**Brief:**
Each line below should be set down again unchanged.
Information below:
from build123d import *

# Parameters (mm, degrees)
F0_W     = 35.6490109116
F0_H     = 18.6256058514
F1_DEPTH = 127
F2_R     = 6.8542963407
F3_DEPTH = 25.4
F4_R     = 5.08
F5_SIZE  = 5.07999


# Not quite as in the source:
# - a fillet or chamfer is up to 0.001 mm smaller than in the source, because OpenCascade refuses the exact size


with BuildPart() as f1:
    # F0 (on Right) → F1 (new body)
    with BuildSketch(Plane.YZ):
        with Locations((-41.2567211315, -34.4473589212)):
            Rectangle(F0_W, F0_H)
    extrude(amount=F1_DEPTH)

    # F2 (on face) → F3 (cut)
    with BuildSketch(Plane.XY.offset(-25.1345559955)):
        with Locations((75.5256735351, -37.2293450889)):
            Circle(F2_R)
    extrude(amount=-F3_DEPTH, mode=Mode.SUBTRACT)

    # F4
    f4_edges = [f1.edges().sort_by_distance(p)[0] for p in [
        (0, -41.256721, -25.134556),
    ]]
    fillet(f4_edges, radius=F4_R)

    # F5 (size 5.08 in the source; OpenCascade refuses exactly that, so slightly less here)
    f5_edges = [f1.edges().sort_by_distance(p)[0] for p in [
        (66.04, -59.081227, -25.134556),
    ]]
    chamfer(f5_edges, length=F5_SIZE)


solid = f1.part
End of Information.
**Response to the exercise:**
from build123d import *

# Parameters (mm, degrees)
F0_W     = 35.6490109116
F0_H     = 18.6256058514
F1_DEPTH = 127
F2_R     = 6.8542963407
F3_DEPTH = 25.4
F4_R     = 5.08
F5_SIZE  = 5.07999


# Not quite as in the source:
# - a fillet or chamfer is up to 0.001 mm smaller than in the source, because OpenCascade refuses the exact size


with BuildPart() as f1:
    # F0 (on Right) → F1 (new body)
    with BuildSketch(Plane.YZ):
        with Locations((-41.2567211315, -34.4473589212)):
            Rectangle(F0_W, F0_H)
    extrude(amount=F1_DEPTH)

    # F2 (on face) → F3 (cut)
    with BuildSketch(Plane.XY.offset(-25.1345559955)):
        with Locations((75.5256735351, -37.2293450889)):
            Circle(F2_R)
    extrude(amount=-F3_DEPTH, mode=Mode.SUBTRACT)

    # F4
    f4_edges = [f1.edges().sort_by_distance(p)[0] for p in [
        (0, -41.256721, -25.134556),
    ]]
    fillet(f4_edges, radius=F4_R)

    # F5 (size 5.08 in the source; OpenCascade refuses exactly that, so slightly less here)
    f5_edges = [f1.edges().sort_by_distance(p)[0] for p in [
        (66.04, -59.081227, -25.134556),
    ]]
    chamfer(f5_edges, length=F5_SIZE)


solid = f1.part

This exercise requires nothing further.